SAFE Tightens Control over Offshore Transactions
July 02, 2005 | BY
clpstaff &clp articles By Alex Zhang and Gilbert ZengWebsite: www.jonesday.comNearly three months following the promulgation of the Issues Relevant to Improving the Foreign…
By Alex Zhang and Gilbert Zeng
Website: www.jonesday.com
Nearly three months following the promulgation of the Issues Relevant to Improving the Foreign Exchange Administration Regarding Mergers and Acquisitions by Foreign Investors Circular on January 24 2005 (January Circular), the PRC State Administration for Foreign Exchange (SAFE) issued the Issues Relevant to Registration Regarding Offshore Investments of Individual Domestic Residents and Foreign Exchange Regarding Mergers and Acquisitions by Foreign Investors Circular on April 21 2005 (April Circular).
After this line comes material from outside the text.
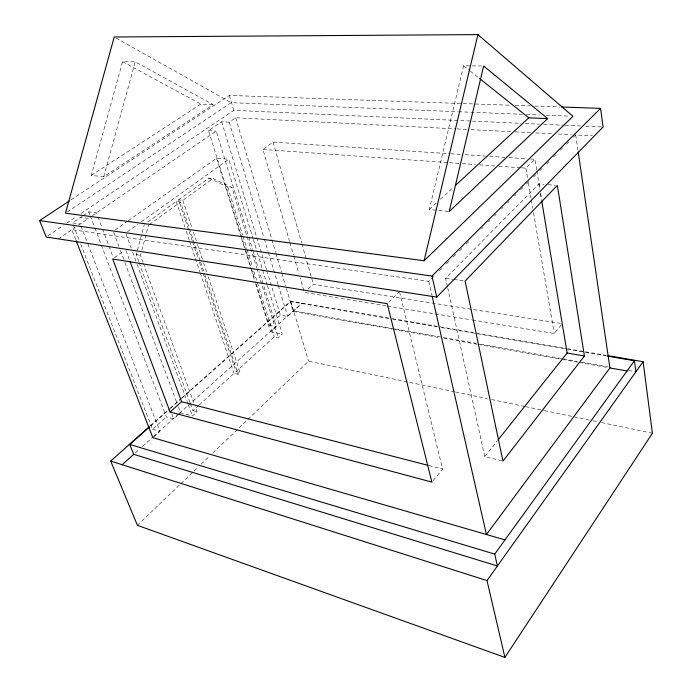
<?xml version="1.0" encoding="UTF-8"?>
<svg xmlns="http://www.w3.org/2000/svg" width="692" height="692" viewBox="0 0 692 692"><rect width="100%" height="100%" fill="white"/><g stroke="black" fill="none" stroke-linecap="round" stroke-linejoin="round"><path stroke-width="0.52" stroke-dasharray="3.46 2.59" d="M448.182 211.38L429.3 209.477L463.605 65.775L481.537 65.991M138.807 261.723L136.229 254.63L144.299 224.511M143.062 262.406L140.493 255.296L141.609 251.127M141.886 250.089L148.581 225.082M103.757 176.694L135.208 61.796L213.222 104.63L103.757 176.694L91.275 175.431L122.579 61.649L135.208 61.796M501.942 460.855L484.755 456.659L497.479 440.648M433.235 480.464L442.586 469.107L399.742 292.751M472.368 320.015L554.275 333.466L561.696 324.453M447.49 286.739L445.639 278.296L538.886 183.934L544.016 184.34M75.8 239.709L71.89 229.657L428.789 281.393L434.913 275.295M439.498 270.719L443.321 266.904M446.383 263.851L450.207 260.036M453.269 256.992L456.322 253.938M459.384 250.885L463.207 247.07M466.27 244.025L470.093 240.21M481.563 228.767L483.094 227.244M488.448 221.907L489.979 220.376M494.564 215.8L496.095 214.278M501.449 208.941L502.98 207.41M507.573 202.834L509.096 201.311M514.45 195.974L515.981 194.443M520.574 189.868L522.867 187.584M526.69 183.769L528.982 181.477M533.575 176.901L535.867 174.618M539.691 170.803L542.753 167.749M546.576 163.935L548.868 161.651M553.462 157.075L555.754 154.783M560.347 150.207L562.639 147.924M566.463 144.109L568.755 141.817M573.348 137.241L575.64 134.957L592.361 135.744M388.766 302.179L399.483 291.695M521.56 167.836L525.868 168.147L534.925 159.29L536.698 169.895M137.423 525.34L180.205 484.305M180.984 483.561L198.094 467.143M201.208 464.159L209.762 455.95M212.876 452.966L247.105 420.139M247.874 419.387L308.546 361.189L454.558 391.784M429.3 209.477L437.197 202.202M440.354 199.287L452.992 187.653M178.285 406.74L180.525 412.795L192.393 415.961L197.038 411.723L195.205 406.645M199.244 404.906L234.017 373.369L238.109 374.303L240.098 372.486L208.05 276.177M203.18 273.452L236.015 371.561L274.205 336.918L278.262 337.722L282.25 334.089L267.475 285.744M190.343 403.557L192.921 410.641L198.457 405.624M135.321 452.897L139.334 449.29M142.535 446.401L152.967 437.033M153.771 436.315L178.631 413.963M179.436 413.236L301.928 303.122M153.65 436.972L159.904 431.35L87.547 243.108M101.404 245.184L166.348 416.904L173.727 418.911L177.507 415.511M178.259 414.837L180.525 412.795M255.556 283.547L270.572 331.805L276.316 326.641L259.535 272.094M256.256 284.066L269.058 325.257L280.39 315.154L287.621 316.469L301.98 303.563M308.078 289.022L313.381 284.308L560.243 323.302M80.696 244.042L152.508 429.248L166.348 416.904M150.242 425.943L169.626 408.738M170.431 408.02L180.932 398.704M181.737 397.987L290.744 301.202L391.214 318.45M150.744 425.77L169.332 409.266M170.145 408.548L180.647 399.215M181.46 398.497L290.571 301.6L391.482 318.96M114.396 257.709L123.92 250.772M289.628 241.646L262.995 149.463L273.072 142.12L449.8 153.71M149.446 224.459L180.543 201.995L200.299 261.135M192.238 240.755L178.553 199.876L182.818 200.351L213.032 178.536L231.932 187.445L246.845 235.825M147.759 222.02L176.278 201.51L180.543 201.995M178.553 199.876L208.794 178.129L213.032 178.536M127.423 231.742L137.907 224.243M141.402 221.743L228.792 159.238L253.004 238.437M115.088 229.995L127.44 221.258M128.323 220.636L216.579 158.269L228.792 159.238M58.37 238.887L75.212 227.391M78.533 225.116L88.394 218.369L80.704 217.349M92.443 215.619L216.172 131.099L248.463 236.076M245.686 250.089L208.552 130.632L221.63 121.766L229.234 122.173L235.661 117.787L455.864 128.876M82.322 216.25L72.496 222.91L80.194 223.983M83.126 215.696L88.801 211.856L96.499 212.851L97.633 215.878M47.982 235.799L63.171 225.54M66.743 223.127L76.57 216.492M81.033 213.473L233.784 110.331L471.338 121.065M67.262 211.986L231.163 102.667L457.585 111.706M71.068 199.824L229.355 95.427L509.926 105.21M91.275 175.431L200.853 104.111L213.222 104.63M515.324 105.4L530.435 105.928M534.752 106.075L559.568 106.94M458.666 111.749L522.278 114.284M526.595 114.457L539.535 114.976M546.005 115.235L569.724 116.178M472.42 121.117L521.007 123.314M525.332 123.513L539.371 124.145M543.687 124.335L564.205 125.269M565.286 125.313L580.398 125.996M585.804 126.238L603.078 127.025M456.945 128.928L466.659 129.421M470.984 129.638L510.921 131.644M515.237 131.861L530.349 132.622M535.746 132.899L553.02 133.764M558.418 134.032L571.367 134.689M208.552 130.632L216.172 131.099M450.873 153.78L460.569 154.42M464.886 154.697L485.36 156.037M489.668 156.323L504.753 157.318M509.061 157.594L526.309 158.727M530.617 159.013L534.925 159.29M262.995 149.463L448.304 162.629M449.376 162.707L461.227 163.546M462.308 163.623L475.24 164.549M479.547 164.852L494.624 165.924M498.941 166.227L520.488 167.758M548.116 184.669L555.295 185.24M208.794 178.129L227.72 187.03L231.932 187.445M445.639 278.296L452.81 279.308M453.831 279.456L464.072 280.9M136.229 254.63L140.493 255.296M386.205 305.855L304.298 292.396L300.112 277.899M387.269 306.028L434.074 313.718M435.138 313.891L471.304 319.834M392.277 318.631L566.592 348.569M567.656 348.751L605.924 355.316M392.546 319.142L437.301 326.84M441.565 327.575L476.727 333.622M477.791 333.803L584.351 352.133M585.415 352.315L606.728 355.982M394.397 328.847L293.322 310.864L290.571 301.6M395.461 329.029L442.274 337.359M443.338 337.549L476.321 343.414M480.577 344.175L562.501 358.75M563.565 358.94L577.396 361.397M581.652 362.158L608.251 366.89M628.466 370.488L635.913 371.812M392.035 329.089L293.192 311.469L285.805 286.609M393.099 329.28L439.861 337.618M444.117 338.379L477.065 344.253M478.129 344.443L561.03 359.226M562.094 359.416L578.036 362.262M579.1 362.452L607.801 367.564M269.058 325.257L276.316 326.641M270.572 331.805L282.25 334.089M455.613 392.001L487.358 398.653M491.588 399.535L524.389 406.412M525.444 406.637L543.436 410.399M544.492 410.624L592.101 420.598M593.165 420.822L597.395 421.705M601.625 422.596L652.409 433.235M236.015 371.561L240.098 372.486M429.014 465.595L442.586 469.107M192.921 410.641L197.038 411.723M152.508 429.248L159.904 431.35M122.579 61.649L200.853 104.111M116.1 38.051L231.163 102.667M463.605 65.775L469.461 70.446M470.292 71.112L478.648 77.789M73.283 224.926L79.139 240.02M80.973 225.999L87.157 242.105M88.801 211.856L89.943 214.883M90.323 215.895L94.527 227.002M94.908 228.014L101.023 244.181M98.013 216.89L102.174 227.997M102.554 229.009L108.609 245.176M108.99 246.179L113.151 257.294M171.832 413.859L173.727 418.911M113.696 232.252L118.92 246.369M120.417 250.409L124.525 261.498M124.897 262.51L176.789 402.709M126.022 250.521L129.75 260.668M139.17 262.735L189.98 402.545M126.039 234L131.203 248.151M132.674 252.199L136.731 263.315M137.102 264.327L187.973 403.825M188.336 404.837L192.393 415.961M143.426 263.418L193.734 402.588M176.278 201.51L184.876 227.088M186.243 231.18L189.34 240.383M189.686 241.413L199.997 272.094M200.343 273.124L234.017 373.369M200.637 262.156L204.728 274.387M205.066 275.407L238.109 374.303M192.575 241.776L198.05 258.125M199.417 262.216L202.834 272.432M182.818 200.351L192.021 228.023M193.388 232.123L197.142 243.385M197.48 244.414L203.275 261.835M203.612 262.856L207.704 275.156M227.72 187.03L242.684 235.28M243.004 236.309L246.819 248.627M247.139 249.656L252.554 267.112M253.826 271.212L274.205 336.918M246.006 251.118L254.976 279.949M216.579 158.269L241.179 237.339M241.499 238.359L251.084 269.171M251.404 270.191L255.236 282.518M247.165 236.854L256.68 267.735M257 268.764L278.262 337.722M248.774 237.105L252.571 249.457M252.891 250.487L258.272 267.977M253.324 239.467L257.095 251.802M257.407 252.831L267.155 284.715M221.63 121.766L256.507 236.56M256.818 237.59L266.558 269.646M266.878 270.684L280.39 315.154M229.234 122.173L264.015 237.927M264.327 238.956L268.055 251.36M268.366 252.398L277.994 284.438M278.305 285.467L287.621 316.469M229.355 95.427L233.784 110.331M235.661 117.787L275.65 252.433M275.961 253.471L281.497 272.112M281.808 273.141L285.493 285.571M290.744 301.202L308.546 361.189M289.931 242.676L293.52 255.106M293.823 256.144L298.909 273.755M273.072 142.12L301.617 242.788M301.911 243.826L313.381 284.308M428.789 281.393L431.903 295.052M447.724 287.794L484.755 456.659M525.868 168.147L527.693 178.744M528.42 182.982L531.153 198.881M531.335 199.936L532.788 208.413M533.523 212.652L554.275 333.466M536.871 170.959L539.881 188.977M540.59 193.224L541.481 198.526M538.886 183.934L539.777 189.253M540.487 193.509L541.551 199.884M575.692 134.905L578.045 150.942"/><path stroke-width="1.04" d="M424.092 260.754L477.913 34.6L114.232 36.996L65.472 213.179L424.092 260.754L572.959 116.308L477.913 34.6M149.437 426.661L110.677 461.071L137.423 525.34L504.909 657.4L652.409 433.235L643.119 361.708L608.043 355.688M504.909 657.4L486.995 580.579L643.119 361.708M149.126 427.206L129.733 444.437L133.72 454.333L497.401 565.987L494.719 554.102L634.434 360.748L607.792 356.164M578.201 152.006L609.92 367.945L486.433 534.509L432.137 296.098M584.429 356.017L502.954 461.106L465.093 281.047L557.345 185.404L584.429 356.017L567.137 353.007L498.153 439.801M69.269 201.009L39.591 220.584L46.2 237.001L436.738 297.11L603.078 127.025L600.578 108.376L561.722 107.018M39.591 220.584L431.998 276.082L600.578 108.376M547.692 118.609L449.238 211.484L483.647 66.017L547.692 118.609L528.8 117.822L479.487 78.456M455.362 185.473L528.8 117.822M122.164 464.721L133.72 454.333M170.085 411.965L431.894 482.09L387.235 303.676L112.658 258.972L170.085 411.965L181.589 401.715L427.976 465.327M609.92 367.945L627.021 370.998M504.978 539.898L152.863 437.673L76.189 240.712M129.733 444.437L494.719 554.102M110.677 461.071L486.995 580.579M130.122 261.68L181.589 401.715M431.998 276.082L436.738 297.11M541.732 200.948L567.137 353.007M634.434 360.748L635.913 371.812"/></g></svg>

With the intention to "maintain the balance of international payments and ensure the lawful and orderly flow of cross-border capital" the April Circular mirrors the January Circular and is regarded as its implementation rules.
Outbound Investments by PRC Domestic Residents
The January Circular requires a PRC domestic resident intending to directly or indirectly invest in or control an offshore enterprise to file a registration with SAFE. The April Circular further provides that without this, a PRC domestic resident is prohibited from foreign exchange operations related to outbound investments or other activities using a capital account. However, SAFE has neither elaborated on the definition of a 'domestic resident' in these two Circulars, nor detailed their scope.
In conjunction with the Acquisition of Domestic Enterprises by Foreign Investors Tentative Provisions jointly promulgated on March 7 2003, the January Circular requires any sale or exchange of onshore assets or equity interests for equity interests or other property rights of an offshore company by a PRC domestic resident be subject to SAFE's examination and approval. Moreover, under the April Circular, where a PRC company is acquired (or the PRC company is established for purpose of acquisition) by an offshore company in which a PRC domestic resident directly or indirectly holds equity interests, the registration with the local SAFE of such an outbound investment is retroactively required of the PRC domestic resident. This applies even if the Foreign Invested Enterprise Approval Certificate, with regard to the acquisition transaction, was obtained prior to January 24 2005.
Once the SAFE registration is completed, the PRC domestic resident who directly or indirectly controls the offshore company is required to file any amendments, concerning any material events affecting the offshore company to SAFE's registration within 30 days of occurrence.
FIEs Established through M&As
When a foreign invested enterprise (FIE) established through an M&A transaction files a foreign exchange registration, the local SAFE is required under the January Circular to closely examine whether the foreign shareholder of such an FIE is (i) established or controlled by any PRC domestic resident; or (ii) has the same management team as the PRC company acquired by such a foreign shareholder. Accordingly, a registering FIE is required to either make a statement in the written application that its foreign shareholder has no direct or indirect equity or asset-based relationship to the PRC company which is selling the equity interests or assets, or to reveal accurately the equity or asset-based relationship between the foreign shareholder of such an FIE and the PRC company.
In the event that the applying FIE is found to have been established for the purpose or as a result of an M&A by a PRC domestic resident through an offshore company, the local SAFE will forward the foreign exchange registration application to the central SAFE for approval. The April Circular reiterates that when registering with the local SAFE, the newly-established FIE shall clarify its ultimate control person, or clearly state in writing that it is not directly or indirectly owned by any PRC domestic entity. The FIE and its legal representative will be held liable for any false or misleading representation.
Consequences for Non-compliance
The April Circular imposes specific legal consequences on the PRC domestic resident or corporate entity with a direct or indirect stake in an offshore company that fails to register with SAFE. These include: (i) the PRC subsidiaries of an offending offshore company will not be allowed to go through the foreign exchange registrations; and (ii) the PRC subsidiaries of an offending company may be prohibited from distributing profits to the offshore companies and from paying the offshore companies proceeds from any capital reduction, share transfer, or liquidation with regard to their PRC subsidiaries.
Additionally, the April Circular requires a PRC domestic resident to remit for foreign exchange settlement within China his or her offshore revenues obtained directly or via an offshore special purpose vehicle within 30 days of the receipt of such revenues.
Failure to comply with the SAFE registration requirements described above could result in liability for foreign exchange evasion under pertinent PRC laws and regulations.
Conclusion
It remains to be seen how the January and April Circulars will impact China's cross-border investments, whether they be private equity, venture capital, strategic M&A, or in IPOs outside the country. Given the perceived widespread impact of the January and April Circulars and the uncertainty concerning the reconciliation of the two Circulars with other approval requirements, many questions will certainly arise in practice and require further and considerable clarification in their respective implementation.